To control for intrinsic and prepregnancy maternal characteristics, we matched women across weight change categories in a 1:1:1:1 design by maternal age (>35 years (yes/no); then <±3 years), race/ethnicity (white non-Hispanic, black non-Hispanic, other non-Hispanic, Hispanic/Latina), prepregnancy BMI (<±10%), chronic hypertension (yes/no), diabetes mellitus (yes/no) and smoking status (smoking ever/never). The resultant matched population was used to study the effects of weight change on gestational age at delivery (continuous) and incidence of preterm birth (<37 weeks; yes/no). For all other non-gestational age outcomes of interest, we created a second 1:1:1:1 matched population by additionally incorporating gestational age at delivery (<±1 week) in the matching algorithm. These other maternal and neonatal outcomes included cesarean delivery (yes/no), gestational hypertension or preeclampsia (yes/no), gestational diabetes (yes/no), infant birth weight (continuous), low birth weight (<2500 g; yes/no), macrosomia (birth weight ≥4500 g; yes/no), small-for-gestational age (yes/no), infant admission to NICU (yes/no), APGAR score at 5 min (continuous), low APGAR score at 5 min (<7; yes/no) and estimated blood loss (ml; continuous). Small-for-gestational age births were defined by infant birth weight below the 10th percentile of gestational age-specific birth weight.[15] With data limited to <45% of births, the outcomes of umbilical cord pH (continuous) and low cord pH (<7.15; yes/no) were examined across weight change categories in the full study population rather than either of the matched populations.

We characterized the full population using frequencies and means with 95% confidence intervals (CI). Differences in proportions and means across weight change categories were tested using Pearson's test of independence and analysis of variance, respectively. We report analysis of variance results only if assumptions of normality and homogeneity of variances were satisfied. Within matched populations, associations between maternal weight change and the maternal and neonatal outcomes of interest (except umbilical cord pH) were examined using linear and logistic regression models for continuous and binary responses, respectively. Methods of generalized estimating equations parameter estimation and use of an exchangeable working correlation structure allowed for consistent and unbiased estimation of given repeated measures of subjects within the same matched cluster and identified correlations among all pairs of matched cases within a single cluster as equal.[16] We report model-based estimates herein, but empirical and model-based estimates of s.e.s. were first compared to assess adequacy of correlation structure.

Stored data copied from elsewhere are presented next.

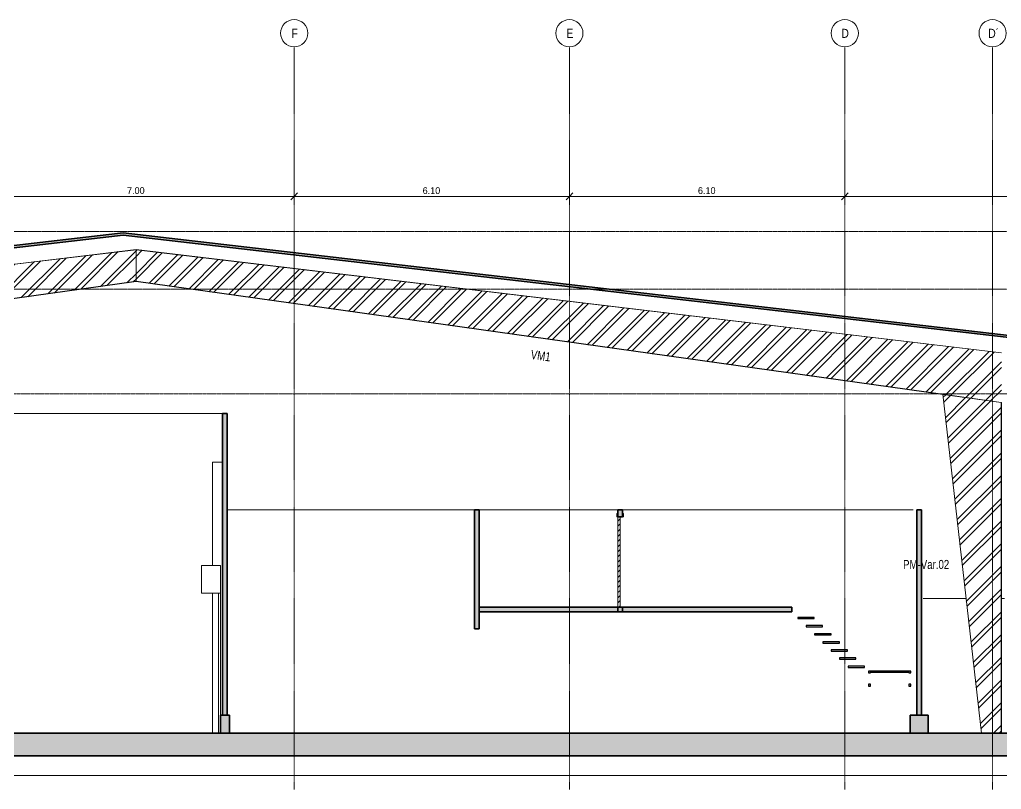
# Model space of a CAD drawing. Header units: centimetres. Extents: x -6751 to 18508, y -134 to 1674.
# Drawn here: x 11231 to 13405, y -30 to 1674 of the extents above; entities that cross this region are included whole.
import ezdxf

# ---------------------------------------------------------------- set-up
doc = ezdxf.new("R2010")
doc.units = ezdxf.units.CM
doc.linetypes.add('Centre', pattern=[3.175, 0.635, -0.475, 1.59, -0.475])
doc.linetypes.add('Grid Line', pattern=[2.2225, 1.27, -0.3175, 0.3175, -0.3175])
for name, color, linetype, lineweight in [('A-ANNO-DIMS', 7, 'Continuous', 9), ('A-ANNO-DIMS-100', 7, 'Continuous', 9), ('A-CLNG', 7, 'Continuous', 9), ('A-DOOR', 7, 'Continuous', 9), ('A-FLOR', 7, 'Continuous', 9), ('A-FLOR-LEVL', 7, 'Continuous', 9), ('A-FLOR-PATT', 7, 'Continuous', 35), ('A-GENM', 7, 'Continuous', 9), ('A-ROOF', 7, 'Continuous', 9), ('A-ROOF-PATT', 7, 'Continuous', 35), ('A-WALL', 7, 'Continuous', 9), ('A-WALL-PATT', 7, 'Continuous', 35), ('C-BLDG-PADS', 7, 'Continuous', 9), ('I-WALL', 7, 'Continuous', 9), ('S-BEAM', 7, 'Continuous', 9), ('S-BEAM-IDEN', 7, 'Continuous', 18), ('S-COLS', 7, 'Continuous', 9), ('S-COLS-IDEN', 7, 'Continuous', 9), ('S-GRID', 7, 'Continuous', 9), ('S-GRID-IDEN', 7, 'Continuous', 9)]:
    doc.layers.add(name, color=color, linetype=linetype, lineweight=lineweight)
doc.styles.add('Century Gothic_1', font='GOTHIC.TTF', dxfattribs={"height": 15})
doc.styles.add('Century Gothic_2', font='GOTHIC.TTF', dxfattribs={"width": 0.8, "height": 20})
doc.styles.add('Saira Condensed', font='SairaCondensed-Regular.ttf', dxfattribs={"height": 20})
doc.dimstyles.new('FCA_N_Cotas_E100', dxfattribs={"dimscale": 30.48, "dimtxt": 15.662524, "dimasz": 0.492126, "dimexe": 0.656168, "dimexo": 0.656168, "dimgap": 0.032808, "dimtad": 1, "dimlfac": 0.01, "dimrnd": 0.01, "dimzin": 0, "dimdsep": 46, "dimtxsty": 'Century Gothic_1', "dimblk1": 'OBLIQUE', "dimblk2": 'OBLIQUE', "dimsah": 1, "dimcen": 0.09, "dimdle": 0.656168, "dimadec": 3, "dimazin": 2, "dimtfac": 1, "dimtdec": 4, "dimtix": 1, "dimtmove": 0, "dimatfit": 3, "dimfxl": 1, "dimtvp": 1, "dimtolj": 1, "dimtzin": 0, "dimarcsym": 2})
pattern_1 = [(45, (0, 0), (-5.656854, 5.656854), [])]
pattern_2 = [(45, (15607.318, 0), (-25.14472, 25.14472), []), (45, (15607.318, 38.1), (-25.14472, 25.14472), [])]

# ---------------------------------------------------------------- blocks, each defined once
blk = doc.blocks.new('Doors_Industrial_Loading-Systems_sectional-overhead-door_vertical-lift-pre-assembled_40mm - 2500 x 3000 mm-1617063-Elevación Eje 19')
at = {"layer": 'A-DOOR', "color": 254, "true_color": 0xe5e5e5}
for p, q in [((-3949.4, 694), (-3926.9, 694)), ((-3949.4, 465.5), (-3949.4, 694)), ((-3973.9, 404), (-3973.9, 465.5)), ((-3973.9, 465.5), (-3931.9, 465.5)), ((-3931.9, 465.5), (-3931.9, 404)), ((-3931.9, 465.5), (-3931.9, 404)), ((-3931.9, 404), (-3973.9, 404)), ((-3949.4, 94), (-3949.4, 404)), ((-3935.9, 94), (-3935.9, 404)), ((-3931.9, 94), (-3931.9, 404))]:
    blk.add_line(p, q, dxfattribs=at)
blk = doc.blocks.new('RVR_Escalera - Bodega congelados - RVR_Escalera - Bodega congelados-1713136-Elevación Eje 19')
at = {"layer": 'A-GENM', "color": 254, "lineweight": 25, "true_color": 0xcccccc}
for p, q in [((-2616.4, 350.3), (-2653, 350.3)), ((-2653, 350.3), (-2653, 347.6)), ((-2616.4, 347.6), (-2616.4, 350.3)), ((-2653, 347.6), (-2616.4, 347.6)), ((-2598, 332.4), (-2634.5, 332.4)), ((-2634.5, 332.4), (-2634.5, 329.7)), ((-2634.5, 329.7), (-2598, 329.7)), ((-2598, 329.7), (-2598, 332.4)), ((-2579.2, 314.2), (-2615.7, 314.2)), ((-2615.7, 314.2), (-2615.7, 311.5)), ((-2615.7, 311.5), (-2579.2, 311.5)), ((-2579.2, 311.5), (-2579.2, 314.2)), ((-2560.5, 296.1), (-2597, 296.1)), ((-2597, 296.1), (-2597, 293.4)), ((-2597, 293.4), (-2560.5, 293.4)), ((-2560.5, 293.4), (-2560.5, 296.1)), ((-2542.4, 278.5), (-2578.9, 278.5)), ((-2578.9, 278.5), (-2578.9, 275.8)), ((-2578.9, 275.8), (-2542.4, 275.8)), ((-2542.4, 275.8), (-2542.4, 278.5)), ((-2524, 260.7), (-2560.6, 260.7)), ((-2560.6, 260.7), (-2560.6, 258)), ((-2560.6, 258), (-2524, 258)), ((-2504.9, 242.2), (-2541.4, 242.2)), ((-2541.4, 242.2), (-2541.4, 239.5)), ((-2541.4, 239.5), (-2504.9, 239.5)), ((-2524, 258), (-2524, 260.7)), ((-2504.9, 239.5), (-2504.9, 242.2)), ((-2492.1, 231.6), (-2496.1, 231.6)), ((-2496.1, 231.6), (-2496.1, 227.6)), ((-2496.1, 227.6), (-2492.1, 227.6)), ((-2492.1, 227.6), (-2492.1, 231.6)), ((-2406.7, 231.6), (-2492.1, 231.6)), ((-2492.1, 231.6), (-2492.1, 228.9)), ((-2492.1, 228.9), (-2406.7, 228.9)), ((-2406.7, 228.9), (-2406.7, 231.6)), ((-2402.7, 231.6), (-2406.7, 231.6)), ((-2406.7, 231.6), (-2406.7, 227.6)), ((-2406.7, 227.6), (-2402.7, 227.6)), ((-2402.7, 227.6), (-2402.7, 231.6)), ((-2492.1, 202.2), (-2496.1, 202.2)), ((-2496.1, 202.2), (-2496.1, 198.2)), ((-2496.1, 198.2), (-2492.1, 198.2)), ((-2492.1, 198.2), (-2492.1, 202.2)), ((-2402.7, 202.2), (-2406.7, 202.2)), ((-2406.7, 202.2), (-2406.7, 198.2)), ((-2406.7, 198.2), (-2402.7, 198.2)), ((-2402.7, 198.2), (-2402.7, 202.2))]:
    blk.add_line(p, q, dxfattribs=at)
blk = doc.blocks.new('RVR_Bolardo - RVR_Bolardo-1693588-Elevación Eje 19')
at = {"layer": 'A-GENM', "color": 254, "true_color": 0xe5e5e5}
for p, q in [((-3876.4, 95), (-3855.6, 95)), ((-3876.4, 94), (-3876.4, 95)), ((-3855.6, 94), (-3855.6, 95))]:
    blk.add_line(p, q, dxfattribs=at)
blk = doc.blocks.new('M_Door-Single-Panel - 800 x 2000-1747535-Elevación Eje 19')
at = {"layer": 'A-DOOR', "true_color": 0xe5e5e5}
h = blk.add_hatch(dxfattribs=at)
h.set_pattern_fill('FP_14', color=254, style=0, pattern_type=2)
h.set_pattern_definition(pattern_1)
h.paths.add_polyline_path([(-3053.8, 573), (-3051.3, 573), (-3051.3, 580.6), (-3053.8, 580.6)])
h = blk.add_hatch(dxfattribs=at)
h.set_pattern_fill('FP_14', color=254, style=0, pattern_type=2)
h.set_pattern_definition(pattern_1)
h.paths.add_polyline_path([(-3051.3, 373), (-3046.3, 373), (-3046.3, 573), (-3051.3, 573)])
h = blk.add_hatch(dxfattribs=at)
h.set_pattern_fill('FP_14', color=254, style=0, pattern_type=2)
h.set_pattern_definition(pattern_1)
h.paths.add_polyline_path([(-3041.3, 573), (-3038.8, 573), (-3038.8, 580.6), (-3041.3, 580.6)])
at = {"layer": 'A-DOOR', "color": 254, "true_color": 0xcccccc}
for p, q in [((-3053.8, 580.6), (-3053.8, 573)), ((-3051.3, 580.6), (-3053.8, 580.6)), ((-3053.8, 573), (-3051.3, 573)), ((-3051.3, 573), (-3051.3, 580.6)), ((-3038.8, 580.6), (-3041.3, 580.6)), ((-3041.3, 580.6), (-3041.3, 573)), ((-3041.3, 573), (-3038.8, 573)), ((-3038.8, 573), (-3038.8, 580.6))]:
    blk.add_line(p, q, dxfattribs=at)
at = {"layer": 'A-DOOR', "color": 254, "lineweight": 18, "true_color": 0xcccccc}
for p, q in [((-3046.3, 573), (-3051.3, 573)), ((-3051.3, 573), (-3051.3, 373)), ((-3046.3, 373), (-3046.3, 573)), ((-3051.3, 373), (-3046.3, 373))]:
    blk.add_line(p, q, dxfattribs=at)
blk = doc.blocks.new('PQ_RVR_ARQ-01_ZZ_ZZ_MO_T_A_rvt-3-Elevación Eje 19')
at = {"layer": 'A-FLOR', "true_color": 0xeaeaea}
blk.add_hatch(color=254, dxfattribs=at).paths.add_polyline_path([(-2944.4, 363), (-2666.1, 363), (-2666.1, 373), (-3358.8, 373), (-3358.8, 363)])
at = {"layer": 'A-ROOF-PATT', "lineweight": 9, "true_color": 0xeaeaea}
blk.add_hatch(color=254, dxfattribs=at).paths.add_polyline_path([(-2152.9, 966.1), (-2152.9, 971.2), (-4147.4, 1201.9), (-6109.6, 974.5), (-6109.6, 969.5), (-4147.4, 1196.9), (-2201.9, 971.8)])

Effect sizes corresponding to maternal weight change categories were represented by parameter estimate (mean value) differences and odds ratios for continuous and binary responses, respectively. Both value differences and odds ratios, computed as the exponentiated difference between parameter estimates, are reported for WtL, WtM and WtGE, each relative to the reference category, WtGA (IOM recommendations). We also defined contrasts a priori in order to identify differences in effect sizes among all pairs of maternal weight change categories. Effect sizes were adjusted by the inclusion of all matching variables in the models of gestational age, cesarean delivery, infant birth weight, APGAR score at 5 min and estimated blood loss. Matching variables included maternal age in the models of low birth weight and NICU admission; maternal age and BMI in the model of preterm birth; and maternal age, BMI and gestational age in the models of gestational hypertension/preeclampsia, gestational diabetes and small-for-gestational age. Effect sizes in the models of macrosomia and low 5-min APGAR score were unadjusted. The number of variables included for adjustment was based on the conservative rules-of-thumb of 30 observations required per parameter estimate for continuous outcomes and 10 events required per parameter estimate for binary outcomes.[17] Patterns in umbilical cord pH across weight change categories were explored using analysis of variance, and patterns in low cord pH across categories were explored using the Cochran–Mantel–Haenszel test for linear trend (M 2 ). We performed all statistical analyses using the SAS statistical software (version 9.4; SAS Institute, Cary, NC, USA).